The only time the slings come off is when we get in the layout blinds. Slings can be problematic in a layout blind. Nothing worse than popping up on a flock of honkers and the sling gets hung up, or it ends up on the vent rib where you can't see your bead.


----------



## MooseMeat (Dec 27, 2017)

About the only time I don’t use a sling is when I’m hunting waterfowl from a boat or blind. Other than that, my guns always have a sling. I have big heavy rifles, I can’t imagine not having a sling on those while hiking. Plus it’s needed to transport it while on my dirtbike or ATV. When I walk a dike waterfowl hunting I always have a sling.


----------



## AF CYN (Mar 19, 2009)

I do a lot of chukar hiking. I thought a sling would be advantageous, which it is for hiking. I think it is disadvantageous for shooting, however, so I have taken the slings off my shotguns. 

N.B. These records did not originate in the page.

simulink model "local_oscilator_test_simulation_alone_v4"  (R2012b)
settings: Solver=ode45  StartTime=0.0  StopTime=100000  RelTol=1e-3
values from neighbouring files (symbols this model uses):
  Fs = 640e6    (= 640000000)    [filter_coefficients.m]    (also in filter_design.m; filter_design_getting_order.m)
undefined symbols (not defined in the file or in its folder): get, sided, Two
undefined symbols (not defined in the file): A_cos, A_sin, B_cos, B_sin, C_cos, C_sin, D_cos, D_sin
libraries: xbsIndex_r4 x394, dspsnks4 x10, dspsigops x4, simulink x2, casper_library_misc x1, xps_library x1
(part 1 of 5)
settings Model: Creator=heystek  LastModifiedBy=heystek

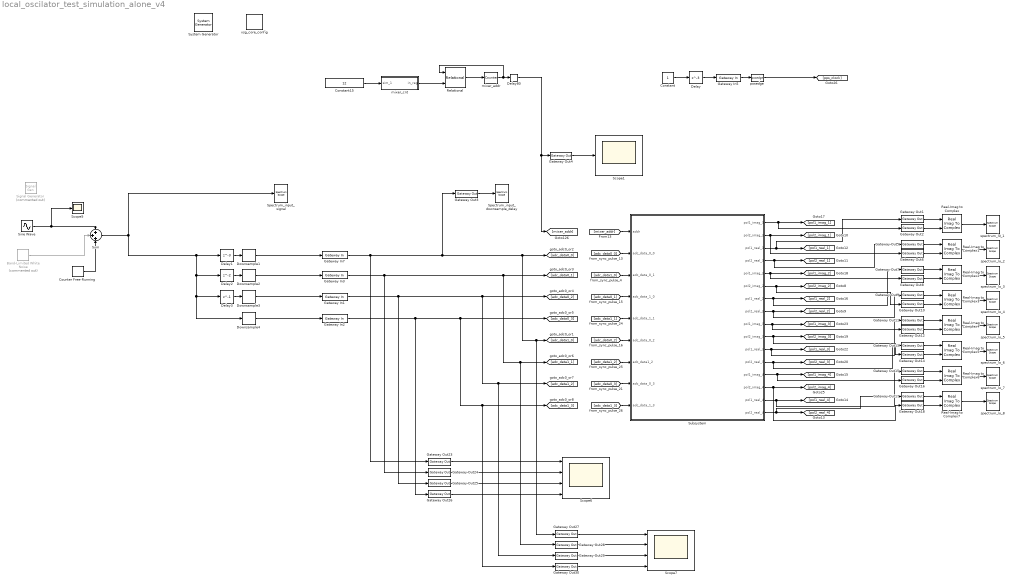
== system local_oscilator_test_simulation_alone_v4 ==
  " System Generator" : xbsIndex_r4/ System Generator  Tag=genX  xilinxfamily=virtex6  part=xc6vsx475t  speed=-1  package=ff1759  synthesis_tool=XST  clock_wrapper=Clock Enables  directory=./window_design/sysgen  proj_type=Project Navigator  Synth_file=XST Defaults  Impl_file=ISE Defaults  testbench=off  simulink_period=1  sysclk_period=6.25  dcm_input_clock_period=100  incr_netlist=off  trim_vbits=Everywhere in SubSystem  dbl_ovrd=According to Block Masks  core_generation=According to Block Masks  run_coregen=off  deprecated_control=off  eval_field=0  block_type=sysgen
  Band-Limited White Noise : simulink/Sources/Band-Limited White Noise  Commented=on  Cov=[0.01]  Ts=0.25  seed=[23341]
  Constant : Constant
  Constant15 : Constant  Value=12
  Counter Free-Running : simulink/Sources/Counter Free-Running  NumBits=8  tsamp=0.25
  Delay : Delay  DelayLength=3
  Delay1 : Delay  DelayLength=3
  Delay2 : Delay
  Delay3 : Delay  DelayLength=1
  Delay80 : xbsIndex_r4/Delay  rst=off  infoeditControl=Selection of Reset will increase slice count due to use of real FFs and instead of SRLs  en=off  latency=2  dbl_ovrd=off  reg_retiming=on  block_type=delay
      settings: block_version=11.4
  Downsample{1..4} (4 alike) : dspsigops/Downsample  N=4  phase=0  RateOptions=Enforce single-rate processing  smode=Allow multirate  fmode=Maintain input frame size  ic=0
  Gateway In{1..3,7} (4 alike) : xbsIndex_r4/Gateway In  gui_display_data_type=Fixed-point  arith_type="Signed  (2's comp)"  n_bits=16  bin_pt=15  preci_type=Single  exp_width=8  frac_width=24  quantization="Round  (unbiased: +/- Inf)"  overflow=Saturate  period=1  dbl_ovrd=off  timing_constraint=None  locs_specified=off  LOCs={}  UseAsADC=off  ADCChannel='1'  inherit_from_input=off  hdl_port=on  block_type=gatewayin
  Gateway In5 : xbsIndex_r4/Gateway In  gui_display_data_type=Boolean  arith_type=Boolean  n_bits=16  bin_pt=15  preci_type=Single  exp_width=8  frac_width=24  quantization="Round  (unbiased: +/- Inf)"  overflow=Saturate  period=1  dbl_ovrd=off  timing_constraint=None  locs_specified=off  LOCs={}  UseAsADC=off  ADCChannel='1'  inherit_from_input=off  hdl_port=on  block_type=gatewayin
  Gateway Out{1..18,23..29} (25 alike) : xbsIndex_r4/Gateway Out  inherit_from_input=on  hdl_port=on  timing_constraint=None  locs_specified=off  LOCs={}  UseAsDAC=off  DACChannel='1'  block_type=gatewayout
  Gateway Out30 : xbsIndex_r4/Gateway Out  inherit_from_input=off  hdl_port=on  timing_constraint=None  locs_specified=off  LOCs={}  UseAsDAC=off  DACChannel='1'  block_type=gatewayout
  Real-Imag to Complex{,1..7} (8 alike) : RealImagToComplex
  Relational : xbsIndex_r4/Relational  mode=a=b  en=off  latency=1  dbl_ovrd=off  block_type=relational
  Scope1 : Scope
      settings: SaveName=ScopeData7
  Scope5 : Scope
      settings: MaxDataPoints=10
  Scope6 : Scope  NumInputPorts=4
      settings: YMin=-5~-5~-5~-5  YMax=5~5~5~5
  Scope7 : Scope  NumInputPorts=4
      settings: YMin=-5~-5~-5~-5  YMax=5~5~5~5  SaveName=ScopeData2
  Signal Generator : SignalGenerator  Commented=on  Amplitude=0.1  Frequency=0.00353  VectorParams1D=off
  Sine Wave : Sin  SineType=Sample based  Amplitude=0.1  Frequency=5  Samples=2000  SampleTime=0.25  Offset=1
  Spectrum_input_downsample_delay : dspsnks4/Spectrum Scope  ScopeProperties=on  Domain=Frequency  HorizSpan=1  UseBuffer=on  BufferSize=2^13  Overlap=0  TreatMby1Signals=One channel  inpFftLenInherit=on  FFTlength=2^13  numAvg=5  DisplayProperties=off  AxisGrid=on  Memory=off  FrameNumber=on  AxisLegend=off  AxisZoom=off  OpenScopeAtSimStart=on  OpenScopeImmediately=off  FigPos=get(0,'defaultfigureposition')  AxisProperties=off  XUnits=Hertz  XRange=Two-sided ((-Fs/2...Fs/2])  XDisplay=0  InheritXIncr=on  XIncr=1.0  XLabel=Samples  XLimit=Auto  YUnits=dBW/Hertz  XMax=1  XMin=0  YLabel=Magnitude-squared, dB  LineProperties=off  wintypeSpecScope=Hann  RsSpecScope=50  betaSpecScope=5  winsampSpecScope=Periodic  XAxisParamsVer=6.9  isFrameUpgraded=on
      settings: YMin=-10  YMax=10
  Spectrum_input_signal : dspsnks4/Spectrum Scope  ScopeProperties=on  Domain=Frequency  HorizSpan=1  UseBuffer=on  BufferSize=2^15  Overlap=0  TreatMby1Signals=One channel  inpFftLenInherit=on  FFTlength=2^15  numAvg=1  DisplayProperties=off  AxisGrid=on  Memory=off  FrameNumber=on  AxisLegend=off  AxisZoom=off  OpenScopeAtSimStart=on  OpenScopeImmediately=off  FigPos=get(0,'defaultfigureposition')  AxisProperties=off  XUnits=Hertz  XRange=Two-sided ((-Fs/2...Fs/2])  XDisplay=0  InheritXIncr=on  XIncr=1.0  XLabel=Samples  XLimit=Auto  YUnits=dBW/Hertz  XMax=1  XMin=0  YLabel=Magnitude-squared, dB  LineProperties=off  wintypeSpecScope=Hann  RsSpecScope=50  betaSpecScope=5  winsampSpecScope=Periodic  XAxisParamsVer=6.9  isFrameUpgraded=on
      settings: YMin=-10  YMax=10
  Subsystem : Subsystem
  Sum : Sum  Inputs=+++
  mixer_addr : xbsIndex_r4/Counter  cnt_type=Free Running  cnt_to=Inf  operation=Up  start_count=0  cnt_by_val=1  arith_type=Unsigned  n_bits=16  bin_pt=0  load_pin=off  rst=on  en=off  explicit_period=on  period=1  dbl_ovrd=off  use_behavioral_HDL=off  implementation=Fabric  block_type=counter
      settings: block_version=11.4
  mixer_cnt : Subsystem  Tag=xps:sw_reg  AncestorBlock=xps_library/software_register  mask(swreg){io_dir=From Processor, io_delay=0, sample_period=1, names=reg, bitwidths=32, bin_pts=0, arith_types=0, sim_port=on, show_format=on}
      mask prompts: io_dir "I/O direction"; io_delay "I/O delay"; sample_period "Sample period"; names "Bitfield names [msb...lsb]"; bitwidths "Bitfield widths"; bin_pts "Bitfield binary pts"; arith_types "Bitfield types, ufix=0, fix=1, bool=2"; sim_port "Provide sim input/output?"; show_format "Print format string?"
      mask help: A 32-bit software-accessible register. Can be divided into bitfields of varying widths and types using the fields in the block mask.
      mask init:
      | try
      |     swreg_init(gcb)
      | catch ex
      |     disp(sprintf('%s: %s', gcb, ex.message))
      |     errordlg(ex.message)
      | end
      settings: AttributesFormatString=1input:uf32.0 = 32 bits
      mask TypeOptions io_dir: To Processor | From Processor
      mask Callback io_dir:
      | mask_enables = get_param(gcb, 'MaskEnables');
      | mask_names = get_param(gcb, 'MaskNames');
      | if strcmp(get_param(gcb, 'io_dir'), 'To Processor'),
      |     mask_enables{ismember(mask_names, 'sample_period')} = 'off';
      | else
      |     mask_enables{ismember(mask_names, 'sample_period')} = 'on';
      | end
      | set_param(gcb, 'MaskEnables', mask_enables);
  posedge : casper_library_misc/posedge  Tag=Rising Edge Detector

Put one on and try mounting the shotgun and swinging it to see how it feels. If it doesn't bother you, I think it could be handy.


----------



## Wire (Nov 2, 2017)

I run slings on my shotguns. They make it handy for the long walks out waterfowl and chukar hunting.


----------



## backcountry (May 19, 2016)

Upland Sling, best purchase I ever made for grouse hunting.

https://upland-sportsman.myshopify.com/


----------



## Ray (May 10, 2018)

backcountry said:


> Upland Sling, best purchase I ever made for grouse hunting.
> 
> https://upland-sportsman.myshopify.com/


Huh, never seen those before, does it impact your swing at all?


----------



## Ray (May 10, 2018)

I mostly grouse and chukar hunt but have been getting into waterfowl, I could see using one for that, because I have to carry the decoys and such


----------



## birdman (Nov 21, 2007)

I sling my 12 gauge for chukars and turkey. Less damage to me and the gun when I slip while chukar hunting. Plus, I'm fortunate with good dog work that all my birds get pointed and I really don't care to shoot unpointed birds anyway. Call me old fashion, but I won't shoot a turkey that I didn't call in fair and square so it's never an issue. Frankly, the best part of turkey hunting for me is calling them in whether I shoot them or not. I would hate to end my season by just whipping the gun up and shooting one. 
The 20 gauge isn't built for a sling and it's a pleasure to carry anyway. It's my grouse gun and occasion pheasant gun with 3 inch shells. 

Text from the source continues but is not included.